Download Final Agenda

Summary:

The US CLIVAR Working Group on Extremes held a workshop on Analyses, Dynamics, and Modeling of Large Scale Meteorological Patterns Associated with Extreme Temperature and Precipitation Events. The 2.5 day workshop was August 20-22, 2013 at the Lawrence Berkeley National Laboratory in Berkeley, California. The workshop had oral and poster sessions along with invited presentations.
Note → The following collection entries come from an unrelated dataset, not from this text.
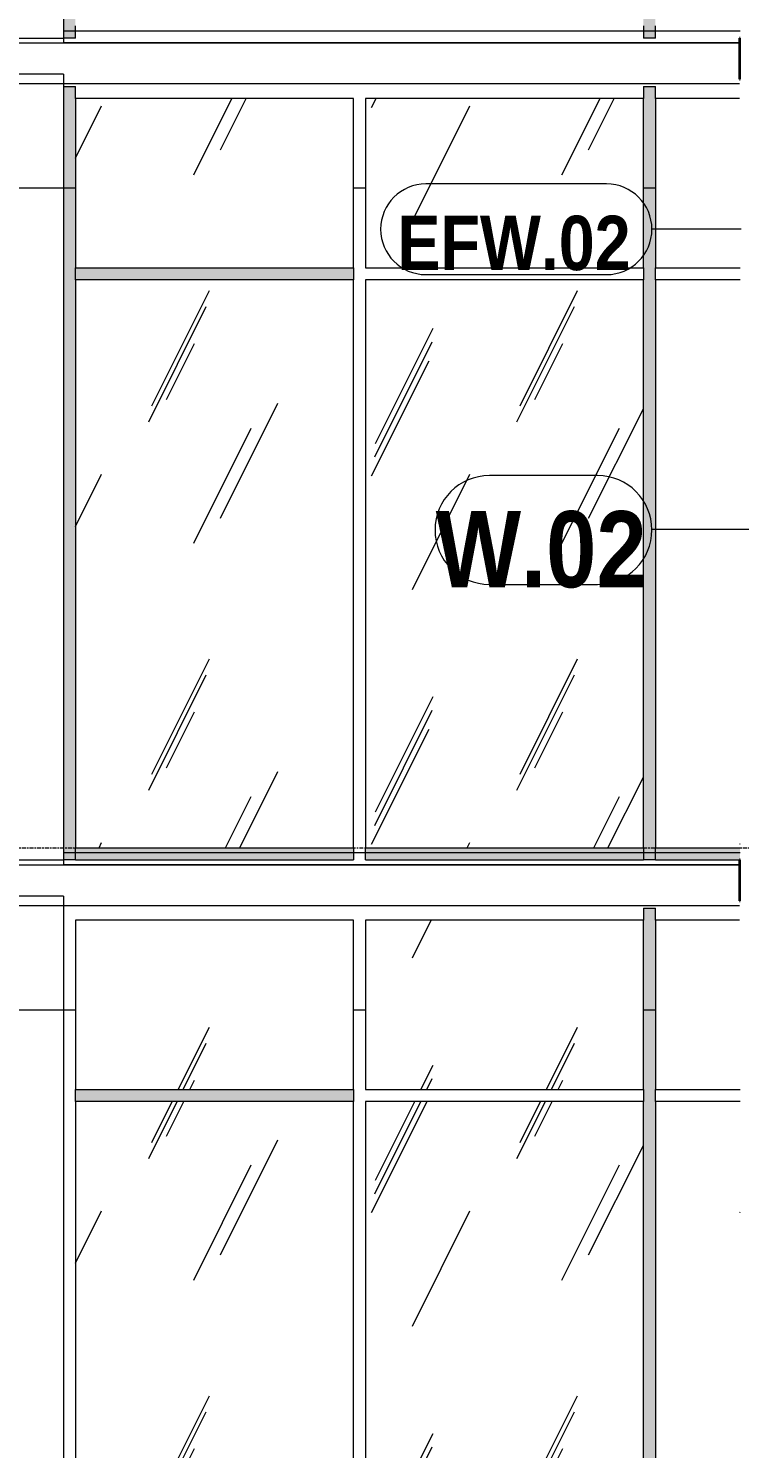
# Model space of a CAD drawing. Header units: millimetres. Extents: x 1240 to 198004, y -7796 to 35300.
# Drawn here: x 20392 to 23335, y 13314 to 19190 of the extents above; entities that cross this region are included whole.
import ezdxf

# ---------------------------------------------------------------- set-up
doc = ezdxf.new("R2010")
doc.units = ezdxf.units.MM
doc.linetypes.add('Centre', pattern=[31.75, 6.35, -4.7625, 15.875, -4.7625])
for name, color, linetype, lineweight in [('0-1', 7, 'Continuous', 5), ('A-FLOR', 192, 'Continuous', 9), ('A-FLOR-1', 10, 'Continuous', 35), ('A-FLOR-2', 7, 'Continuous', 9), ('A-FLOR-LEVL-2', 51, 'Centre', 9), ('A-GLAZ-CURT', 52, 'Continuous', 9), ('A-GLAZ-CWMG', 51, 'Continuous', 9), ('A-GLAZ-IDEN', 152, 'Continuous', 9), ('A-WALL', 113, 'Continuous', 9), ('A-WALL-IDEN', 211, 'Continuous', 9), ('S-BEAM-3', 7, 'Continuous', 9)]:
    doc.layers.add(name, color=color, linetype=linetype, lineweight=lineweight)
doc.styles.add('Arial_B', font='arialbd.ttf', dxfattribs={"width": 0.85, "height": 225})
doc.styles.add('Arial_B_1', font='arialbd.ttf', dxfattribs={"width": 0.85, "height": 315})
pattern_1 = [(63.435, (2168, 104.33), (-0.001, 1524.001), [532.46, -2875.304]), (63.435, (644, 104.33), (-0.001, 1524.001), [532.46, -2875.304]), (63.435, (2897.55, 398.8), (-0.001, 1524.001), [532.46, -2875.304]), (63.435, (1373.55, 398.8), (-0.001, 1524.001), [532.46, -2875.304]), (63.435, (2787.1, 294.83), (-0.001, 1524.001), [532.46, -2875.304]), (63.435, (1263.1, 294.83), (-0.001, 1524.001), [532.46, -2875.304]), (63.435, (2674.6, 890.1), (-0.001, 1524.001), [258.8, -3148.965]), (63.435, (1150.6, 890.1), (-0.001, 1524.001), [258.8, -3148.965]), (63.435, (2600.96, 797.95), (-0.001, 1524.001), [532.46, -2875.304]), (63.435, (1076.96, 797.95), (-0.001, 1524.001), [532.46, -2875.304]), (63.435, (2613.95, 864.1), (-0.001, 1524.001), [532.46, -2875.304]), (63.435, (1089.95, 864.1), (-0.001, 1524.001), [532.46, -2875.304]), (63.435, (1999.1, 573.94), (-0.001, 1524.001), [532.46, -2875.304]), (63.435, (475.1, 573.94), (-0.001, 1524.001), [532.46, -2875.304]), (63.435, (2012.1, 651.9), (-0.001, 1524.001), [532.46, -2875.304]), (63.435, (488.1, 651.9), (-0.001, 1524.001), [532.46, -2875.304]), (63.435, (2015.6, 708.1), (-0.001, 1524.001), [532.46, -2875.304]), (63.435, (491.6, 708.1), (-0.001, 1524.001), [532.46, -2875.304])]

# ---------------------------------------------------------------- blocks, each defined once
blk = doc.blocks.new('NCV_TKTC_KET CAU_rvt-1-TKCS_MẶT ĐỨNG NỘI KHU 1')
at = {"layer": 'A-FLOR-1'}
for p, q in [((23337.4, 19150), (23335.3, 19150)), ((23335.3, 19150), (23335.3, 18980)), ((23335.3, 18980), (23337.4, 18980)), ((23337.4, 15750), (23335.3, 15750)), ((23335.3, 15750), (23335.3, 15580)), ((23335.3, 15580), (23337.4, 15580))]:
    blk.add_line(p, q, dxfattribs=at)
at = {"layer": 'A-FLOR-2'}
for p, q in [((17636.9, 19130), (23335.3, 19130)), ((23335.3, 18960), (17636.9, 18960)), ((17636.9, 15730), (23335.3, 15730)), ((23335.3, 15560), (17636.9, 15560))]:
    blk.add_line(p, q, dxfattribs=at)
at = {"layer": 'S-BEAM-3'}
for p, q in [((17636.9, 19130), (23335.3, 19130)), ((17636.9, 18530), (20586.9, 18530)), ((21736.9, 18530), (21786.9, 18530)), ((22936.9, 18530), (22986.9, 18530)), ((17636.9, 15730), (23335.3, 15730)), ((17636.9, 15130), (20586.9, 15130)), ((21736.9, 15130), (21786.9, 15130)), ((22936.9, 15130), (22986.9, 15130))]:
    blk.add_line(p, q, dxfattribs=at)
blk = doc.blocks.new('System Panel - Glazed-V175-TKCS_MẶT ĐỨNG NỘI KHU 1')
at = {"layer": 'A-GLAZ-CURT'}
h = blk.add_hatch(dxfattribs=at)
h.set_pattern_fill('FP_2', color=256, style=0, pattern_type=2)
h.set_pattern_definition(pattern_1)
h.paths.add_polyline_path([(21736.9, 15800), (21736.9, 18150), (20586.9, 18150), (20586.9, 15800)])
for p, q in [((21736.9, 18150), (20586.9, 18150)), ((20586.9, 18150), (20586.9, 15800)), ((21736.9, 15800), (21736.9, 18150)), ((20586.9, 15800), (21736.9, 15800))]:
    blk.add_line(p, q, dxfattribs=at)
blk = doc.blocks.new('System Panel - Glazed-V176-TKCS_MẶT ĐỨNG NỘI KHU 1')
at = {"layer": 'A-GLAZ-CURT'}
h = blk.add_hatch(dxfattribs=at)
h.set_pattern_fill('FP_2', color=256, style=0, pattern_type=2)
h.set_pattern_definition(pattern_1)
h.paths.add_polyline_path([(22936.9, 15800), (22936.9, 18150), (21786.9, 18150), (21786.9, 15800)])
for p, q in [((22936.9, 18150), (21786.9, 18150)), ((21786.9, 18150), (21786.9, 15800)), ((22936.9, 15800), (22936.9, 18150)), ((21786.9, 15800), (22936.9, 15800))]:
    blk.add_line(p, q, dxfattribs=at)
blk = doc.blocks.new('System Panel - Glazed-V177-TKCS_MẶT ĐỨNG NỘI KHU 1')
at = {"layer": 'A-GLAZ-CURT'}
h = blk.add_hatch(dxfattribs=at)
h.set_pattern_fill('FP_2', color=256, style=0, pattern_type=2)
h.set_pattern_definition(pattern_1)
h.paths.add_polyline_path([(23162.9, 15800), (23337.4, 15800), (23337.4, 16900), (23335.3, 16900), (23335.3, 17500), (23337.4, 17500), (23337.4, 18150), (22986.9, 18150), (22986.9, 15800)])
for p, q in [((23337.4, 18150), (22986.9, 18150)), ((22986.9, 18150), (22986.9, 15800)), ((22986.9, 15800), (23337.4, 15800))]:
    blk.add_line(p, q, dxfattribs=at)
blk = doc.blocks.new('System Panel - Glazed-V178-TKCS_MẶT ĐỨNG NỘI KHU 1')
at = {"layer": 'A-GLAZ-CURT'}
h = blk.add_hatch(dxfattribs=at)
h.set_pattern_fill('FP_2', color=256, style=0, pattern_type=2)
h.set_pattern_definition(pattern_1)
h.paths.add_polyline_path([(21736.9, 18200), (21736.9, 18900), (20586.9, 18900), (20586.9, 18200)])
for p, q in [((21736.9, 18900), (20586.9, 18900)), ((20586.9, 18900), (20586.9, 18200)), ((21736.9, 18200), (21736.9, 18900)), ((20586.9, 18200), (21736.9, 18200))]:
    blk.add_line(p, q, dxfattribs=at)
blk = doc.blocks.new('System Panel - Glazed-V179-TKCS_MẶT ĐỨNG NỘI KHU 1')
at = {"layer": 'A-GLAZ-CURT'}
h = blk.add_hatch(dxfattribs=at)
h.set_pattern_fill('FP_2', color=256, style=0, pattern_type=2)
h.set_pattern_definition(pattern_1)
h.paths.add_polyline_path([(22936.9, 18200), (22936.9, 18900), (21786.9, 18900), (21786.9, 18200)])
for p, q in [((22936.9, 18900), (21786.9, 18900)), ((21786.9, 18900), (21786.9, 18200)), ((22936.9, 18200), (22936.9, 18900)), ((21786.9, 18200), (22936.9, 18200))]:
    blk.add_line(p, q, dxfattribs=at)
blk = doc.blocks.new('System Panel - Glazed-V180-TKCS_MẶT ĐỨNG NỘI KHU 1')
at = {"layer": 'A-GLAZ-CURT'}
h = blk.add_hatch(dxfattribs=at)
h.set_pattern_fill('FP_2', color=256, style=0, pattern_type=2)
h.set_pattern_definition(pattern_1)
h.paths.add_polyline_path([(22986.9, 18200), (23337.4, 18200), (23337.4, 18750), (23335.3, 18750), (23335.3, 18900), (22986.9, 18900)])
for p, q in [((23335.3, 18900), (22986.9, 18900)), ((22986.9, 18900), (22986.9, 18200)), ((22986.9, 18200), (23337.4, 18200))]:
    blk.add_line(p, q, dxfattribs=at)
blk = doc.blocks.new('Rectangular Mullion - 50 x 100mm-1286802-TKCS_MẶT ĐỨNG NỘI KHU 1')
at = {"layer": 'A-GLAZ-CWMG'}
blk.add_hatch(color=256, dxfattribs=at).paths.add_polyline_path([(21736.9, 15750), (21736.9, 15800), (20586.9, 15800), (20586.9, 15750)])
for p, q in [((20586.9, 15750), (20586.9, 15800)), ((20586.9, 15750), (21736.9, 15750)), ((21736.9, 15800), (21736.9, 15750))]:
    blk.add_line(p, q, dxfattribs=at)
blk = doc.blocks.new('Rectangular Mullion - 50 x 100mm-V181-TKCS_MẶT ĐỨNG NỘI KHU 1')
at = {"layer": 'A-GLAZ-CWMG'}
h = blk.add_hatch(color=256, dxfattribs=at)
h.paths.add_polyline_path([(23335.3, 15750), (23337.4, 15750), (23337.4, 15800), (22986.9, 15800), (22986.9, 15750), (23162.9, 15750)])
h.paths.add_polyline_path([(23537.4, 15750), (23547.4, 15750), (23547.4, 15800), (23537.4, 15800)])
for q in [(22986.9, 15800), (23335.3, 15750)]:
    blk.add_line((22986.9, 15750), q, dxfattribs=at)
blk = doc.blocks.new('Rectangular Mullion - 50 x 100mm-1286810-TKCS_MẶT ĐỨNG NỘI KHU 1')
at = {"layer": 'A-GLAZ-CWMG'}
blk.add_hatch(color=256, dxfattribs=at).paths.add_polyline_path([(20586.9, 18175), (20586.9, 18950), (20536.9, 18950), (20536.9, 18175), (20579.6, 18175)])
for p, q in [((20536.9, 18950), (20586.9, 18950)), ((20536.9, 18950), (20536.9, 18175)), ((20586.9, 18900), (20586.9, 18950)), ((20586.9, 18175), (20586.9, 18200))]:
    blk.add_line(p, q, dxfattribs=at)
blk = doc.blocks.new('Rectangular Mullion - 50 x 100mm-1286811-TKCS_MẶT ĐỨNG NỘI KHU 1')
at = {"layer": 'A-GLAZ-CWMG'}
blk.add_hatch(color=256, dxfattribs=at).paths.add_polyline_path([(20579.6, 15750), (20586.9, 15750), (20586.9, 18175), (20536.9, 18175), (20536.9, 15750)])
for p, q in [((20536.9, 18175), (20536.9, 15750)), ((20586.9, 18150), (20586.9, 18175)), ((20586.9, 15750), (20536.9, 15750)), ((20586.9, 15750), (20586.9, 15800))]:
    blk.add_line(p, q, dxfattribs=at)
blk = doc.blocks.new('Rectangular Mullion - 50 x 100mm-1286803-TKCS_MẶT ĐỨNG NỘI KHU 1')
at = {"layer": 'A-GLAZ-CWMG'}
blk.add_hatch(color=256, dxfattribs=at).paths.add_polyline_path([(20586.9, 18150), (21736.9, 18150), (21736.9, 18200), (20586.9, 18200)])
for p, q in [((20586.9, 18150), (20586.9, 18200)), ((21736.9, 18200), (21736.9, 18150))]:
    blk.add_line(p, q, dxfattribs=at)
blk = doc.blocks.new('Rectangular Mullion - 50 x 100mm-V41-TKCS_MẶT ĐỨNG NỘI KHU 1')
at = {"layer": 'A-GLAZ-CWMG'}
blk.add_hatch(color=256, dxfattribs=at).paths.add_polyline_path([(22936.9, 8950), (22986.9, 8950), (22986.9, 11375), (22936.9, 11375), (22936.9, 9000)])
for p, q in [((22936.9, 11375), (22936.9, 11350)), ((22986.9, 11350), (22986.9, 11375)), ((22936.9, 9000), (22936.9, 8950)), ((22986.9, 8950), (22986.9, 9000)), ((22986.9, 8950), (22936.9, 8950))]:
    blk.add_line(p, q, dxfattribs=at)
blk = doc.blocks.new('Rectangular Mullion - 50 x 100mm-1286805-TKCS_MẶT ĐỨNG NỘI KHU 1')
at = {"layer": 'A-GLAZ-CWMG'}
blk.add_hatch(color=256, dxfattribs=at).paths.add_polyline_path([(22986.9, 7975), (22986.9, 8750), (22936.9, 8750), (22936.9, 7975)])
for p, q in [((22936.9, 8750), (22986.9, 8750)), ((22936.9, 8750), (22936.9, 8700)), ((22986.9, 8700), (22986.9, 8750)), ((22936.9, 8000), (22936.9, 7975)), ((22986.9, 7975), (22986.9, 8000))]:
    blk.add_line(p, q, dxfattribs=at)
blk = doc.blocks.new('System Panel - Glazed-V208-TKCS_MẶT ĐỨNG NỘI KHU 1')
at = {"layer": 'A-GLAZ-CURT'}
h = blk.add_hatch(dxfattribs=at)
h.set_pattern_fill('FP_2', color=256, style=0, pattern_type=2)
h.set_pattern_definition(pattern_1)
h.paths.add_polyline_path([(22936.9, 12400), (22936.9, 14750), (21786.9, 14750), (21786.9, 12400)])
for p, q in [((22936.9, 14750), (21786.9, 14750)), ((21786.9, 14750), (21786.9, 12400)), ((22936.9, 12400), (22936.9, 14750)), ((21786.9, 12400), (22936.9, 12400))]:
    blk.add_line(p, q, dxfattribs=at)
blk = doc.blocks.new('System Panel - Glazed-V209-TKCS_MẶT ĐỨNG NỘI KHU 1')
at = {"layer": 'A-GLAZ-CURT'}
h = blk.add_hatch(dxfattribs=at)
h.set_pattern_fill('FP_2', color=256, style=0, pattern_type=2)
h.set_pattern_definition(pattern_1)
h.paths.add_polyline_path([(23547.4, 12400), (23547.4, 13500), (23537.4, 13500), (23537.4, 12400)])
h.paths.add_polyline_path([(23337.4, 12400), (23337.4, 13500), (23335.3, 13500), (23335.3, 14100), (23337.4, 14100), (23337.4, 14750), (22986.9, 14750), (22986.9, 12400), (23335.3, 12400)])
for p, q in [((23337.4, 14750), (22986.9, 14750)), ((22986.9, 14750), (22986.9, 12400)), ((22986.9, 12400), (23337.4, 12400))]:
    blk.add_line(p, q, dxfattribs=at)
blk = doc.blocks.new('System Panel - Glazed-V210-TKCS_MẶT ĐỨNG NỘI KHU 1')
at = {"layer": 'A-GLAZ-CURT'}
h = blk.add_hatch(dxfattribs=at)
h.set_pattern_fill('FP_2', color=256, style=0, pattern_type=2)
h.set_pattern_definition(pattern_1)
h.paths.add_polyline_path([(22936.9, 14800), (22936.9, 15500), (21786.9, 15500), (21786.9, 14800)])
for p, q in [((22936.9, 15500), (21786.9, 15500)), ((21786.9, 15500), (21786.9, 14800)), ((22936.9, 14800), (22936.9, 15500)), ((21786.9, 14800), (22936.9, 14800))]:
    blk.add_line(p, q, dxfattribs=at)
blk = doc.blocks.new('System Panel - Glazed-V211-TKCS_MẶT ĐỨNG NỘI KHU 1')
at = {"layer": 'A-GLAZ-CURT'}
h = blk.add_hatch(dxfattribs=at)
h.set_pattern_fill('FP_2', color=256, style=0, pattern_type=2)
h.set_pattern_definition(pattern_1)
h.paths.add_polyline_path([(22986.9, 14800), (23337.4, 14800), (23337.4, 15350), (23335.3, 15350), (23335.3, 15500), (22986.9, 15500)])
h.paths.add_polyline_path([(23537.4, 15460), (23547.4, 15460), (23547.4, 15500), (23537.4, 15500)])
for p, q in [((23335.3, 15500), (22986.9, 15500)), ((22986.9, 15500), (22986.9, 14800)), ((23547.4, 15500), (23537.4, 15500)), ((22986.9, 14800), (23337.4, 14800))]:
    blk.add_line(p, q, dxfattribs=at)
blk = doc.blocks.new('System Panel - Glazed-V271-TKCS_MẶT ĐỨNG NỘI KHU 1')
at = {"layer": 'A-GLAZ-CURT'}
h = blk.add_hatch(dxfattribs=at)
h.set_pattern_fill('FP_2', color=256, style=0, pattern_type=2)
h.set_pattern_definition(pattern_1)
h.paths.add_polyline_path([(21736.9, 12400), (21736.9, 14750), (20586.9, 14750), (20586.9, 12400)])
for p, q in [((21736.9, 14750), (20586.9, 14750)), ((20586.9, 14750), (20586.9, 12400)), ((21736.9, 12400), (21736.9, 14750)), ((20586.9, 12400), (21736.9, 12400))]:
    blk.add_line(p, q, dxfattribs=at)
blk = doc.blocks.new('System Panel - Glazed-V272-TKCS_MẶT ĐỨNG NỘI KHU 1')
at = {"layer": 'A-GLAZ-CURT'}
h = blk.add_hatch(dxfattribs=at)
h.set_pattern_fill('FP_2', color=256, style=0, pattern_type=2)
h.set_pattern_definition(pattern_1)
h.paths.add_polyline_path([(21736.9, 14800), (21736.9, 15500), (20586.9, 15500), (20586.9, 14800)])
for p, q in [((21736.9, 15500), (20586.9, 15500)), ((20586.9, 15500), (20586.9, 14800)), ((21736.9, 14800), (21736.9, 15500)), ((20586.9, 14800), (21736.9, 14800))]:
    blk.add_line(p, q, dxfattribs=at)
blk = doc.blocks.new('SSA-WINDOW TAG - 10-2062020-TKCS_MẶT ĐỨNG NỘI KHU 1')
at = {"layer": 'A-GLAZ-IDEN'}
for p, q in [((22610.6, 7667.3), (22163, 7667.3)), ((22163, 7217.3), (22610.6, 7217.3))]:
    blk.add_line(p, q, dxfattribs=at)
for centre, start, end in [((22163, 7442.3), 90, 270), ((22610.6, 7442.3), 270, 90)]:
    blk.add_arc(centre, 225, start, end, dxfattribs=at)
blk = doc.blocks.new('CTL_WALL TAG NO MARK - 10-2062273-TKCS_MẶT ĐỨNG NỘI KHU 1')
at = {"layer": 'A-WALL-IDEN'}
for p, q in [((16488.7, 30459.2), (15741, 30459.2)), ((15741, 30084.2), (16488.7, 30084.2))]:
    blk.add_line(p, q, dxfattribs=at)
for centre, start, end in [((15741, 30271.7), 90, 270), ((16488.7, 30271.7), 270, 90)]:
    blk.add_arc(centre, 187.5, start, end, dxfattribs=at)

msp = doc.modelspace()

# ---------------------------------------------------------------- linework, layer by layer
at = {"layer": 'A-FLOR'}
for p, q in [((20536.9, 19180), (23337.4, 19180)), ((20536.9, 19150), (20536.9, 19130)), ((23335.3, 19130), (20536.9, 19130)), ((20536.9, 15780), (23337.4, 15780)), ((20536.9, 15750), (20536.9, 15730)), ((23335.3, 15730), (20536.9, 15730))]:
    msp.add_line(p, q, dxfattribs=at)
at = {"layer": 'A-FLOR-LEVL-2'}
msp.add_line((1240.2, 15800), (91585, 15800), dxfattribs=at)
at = {"layer": 'A-GLAZ-IDEN'}
msp.add_line((23420.5, 17116.5), (22972.4, 17116.5), dxfattribs=at)
at = {"layer": 'A-WALL'}
for p, q in [((20536.9, 22400), (20536.9, 19150)), ((17636.9, 19150), (20536.9, 19150)), ((20536.9, 19000), (17636.9, 19000)), ((20536.9, 19000), (20536.9, 15750)), ((17636.9, 15750), (20536.9, 15750)), ((20536.9, 15600), (17636.9, 15600)), ((20536.9, 15600), (20536.9, 12350))]:
    msp.add_line(p, q, dxfattribs=at)
at = {"layer": 'A-WALL-IDEN'}
msp.add_line((23342.1, 18359), (22972.4, 18359), dxfattribs=at)

# ---------------------------------------------------------------- block references
at = {"layer": '0-1'}
msp.add_blockref('NCV_TKTC_KET CAU_rvt-1-TKCS_MẶT ĐỨNG NỘI KHU 1', (0, 0), dxfattribs=at)
at = {"layer": 'A-GLAZ-CURT'}
for name in ['System Panel - Glazed-V178-TKCS_MẶT ĐỨNG NỘI KHU 1', 'System Panel - Glazed-V179-TKCS_MẶT ĐỨNG NỘI KHU 1', 'System Panel - Glazed-V180-TKCS_MẶT ĐỨNG NỘI KHU 1', 'System Panel - Glazed-V175-TKCS_MẶT ĐỨNG NỘI KHU 1', 'System Panel - Glazed-V176-TKCS_MẶT ĐỨNG NỘI KHU 1', 'System Panel - Glazed-V177-TKCS_MẶT ĐỨNG NỘI KHU 1', 'System Panel - Glazed-V272-TKCS_MẶT ĐỨNG NỘI KHU 1', 'System Panel - Glazed-V210-TKCS_MẶT ĐỨNG NỘI KHU 1', 'System Panel - Glazed-V211-TKCS_MẶT ĐỨNG NỘI KHU 1', 'System Panel - Glazed-V271-TKCS_MẶT ĐỨNG NỘI KHU 1', 'System Panel - Glazed-V208-TKCS_MẶT ĐỨNG NỘI KHU 1', 'System Panel - Glazed-V209-TKCS_MẶT ĐỨNG NỘI KHU 1']:
    msp.add_blockref(name, (0, 0), dxfattribs=at)
at = {"layer": 'A-GLAZ-CWMG'}
for name, p in [('Rectangular Mullion - 50 x 100mm-1286811-TKCS_MẶT ĐỨNG NỘI KHU 1', (0, 3400)), ('Rectangular Mullion - 50 x 100mm-V41-TKCS_MẶT ĐỨNG NỘI KHU 1', (0, 10200)), ('Rectangular Mullion - 50 x 100mm-1286810-TKCS_MẶT ĐỨNG NỘI KHU 1', (0, 0)), ('Rectangular Mullion - 50 x 100mm-1286805-TKCS_MẶT ĐỨNG NỘI KHU 1', (0, 10200)), ('Rectangular Mullion - 50 x 100mm-1286811-TKCS_MẶT ĐỨNG NỘI KHU 1', (0, 0)), ('Rectangular Mullion - 50 x 100mm-1286803-TKCS_MẶT ĐỨNG NỘI KHU 1', (0, 0)), ('Rectangular Mullion - 50 x 100mm-V41-TKCS_MẶT ĐỨNG NỘI KHU 1', (0, 6800)), ('Rectangular Mullion - 50 x 100mm-1286802-TKCS_MẶT ĐỨNG NỘI KHU 1', (0, 0)), ('Rectangular Mullion - 50 x 100mm-1286802-TKCS_MẶT ĐỨNG NỘI KHU 1', (1200, 0)), ('Rectangular Mullion - 50 x 100mm-V181-TKCS_MẶT ĐỨNG NỘI KHU 1', (0, 0)), ('Rectangular Mullion - 50 x 100mm-1286805-TKCS_MẶT ĐỨNG NỘI KHU 1', (0, 6800)), ('Rectangular Mullion - 50 x 100mm-1286803-TKCS_MẶT ĐỨNG NỘI KHU 1', (0, -3400)), ('Rectangular Mullion - 50 x 100mm-V41-TKCS_MẶT ĐỨNG NỘI KHU 1', (0, 3400))]:
    msp.add_blockref(name, p, dxfattribs=at)
at = {"layer": 'A-GLAZ-IDEN'}
msp.add_blockref('SSA-WINDOW TAG - 10-2062020-TKCS_MẶT ĐỨNG NỘI KHU 1', (136.8, 9672.7), dxfattribs=at)
at = {"layer": 'A-WALL-IDEN'}
msp.add_blockref('CTL_WALL TAG NO MARK - 10-2062273-TKCS_MẶT ĐỨNG NỘI KHU 1', (6296.2, -11912.7), dxfattribs=at)

# ---------------------------------------------------------------- texts
at = {"layer": 'A-GLAZ-IDEN', "insert": (22514.2, 17033.1), "char_height": 315, "width": 902.7, "attachment_point": 5, "line_spacing_factor": 0.936439, "style": 'Arial_B_1'}
msp.add_mtext('\\pt6.3756,12.7512,19.12365,25.49925,31.87485,38.25045,44.62605,50.9985,57.3741,63.7497,70.1253,76.5009,82.8765,89.24895,95.62455,102.00015,108.37575,114.75135,121.1238,127.4994,133.875,140.2506,146.6262,152.99865,159.37425,165.74985,172.12545,178.50105,184.8735,191.2491,197.6247,204.0003;W.02', dxfattribs=at)
at = {"layer": 'A-WALL-IDEN', "insert": (22401.7, 18300.9), "char_height": 225, "width": 995.775, "attachment_point": 5, "line_spacing_factor": 0.936439, "style": 'Arial_B'}
msp.add_mtext('\\pt6.37425,12.75075,19.125,25.49925,31.87575,38.25,44.62425,51.00075,57.375,63.74925,70.12575,76.5,82.87425,89.25075,95.625,101.99925,108.37575,114.75,121.12425,127.50075,133.875,140.24925,146.62575,153,159.37425,165.75075,172.125,178.49925,184.87575,191.25,197.62425,204.00075;EFW.02', dxfattribs=at)

doc.saveas('drawing.dxf')

Group of people standing in the woods
U.S. CLIVAR Extremes Workshop Participants

Objectives:

The motivation of this workshop were to explore short-term, extreme, temperature and precipitation events that occur in North America with an emphasis upon the large scale meteorological patterns (LSMPs) associated with such events. To improve our understanding of such events this workshop brought together experts in synoptic and dynamic meteorology, atmospheric modeling, and statistics. Extreme events with a time scale of 5 days or less will be emphasized. Observational studies often emphasize statistical analyses of surface data. Modeling studies often emphasize the skill in simulating the surface data. However, improvements in understanding and simulation follow from applying synoptic and dynamic analyses, motivating the common interface of understanding and simulating the LSMPs associated with extreme events. Conversely, model assessment and statistical tools can be applied to LSMPs. Hence, LSMPs provide a unifying workshop locus for bringing together modelers, statisticians, synopticians, and dynamicists.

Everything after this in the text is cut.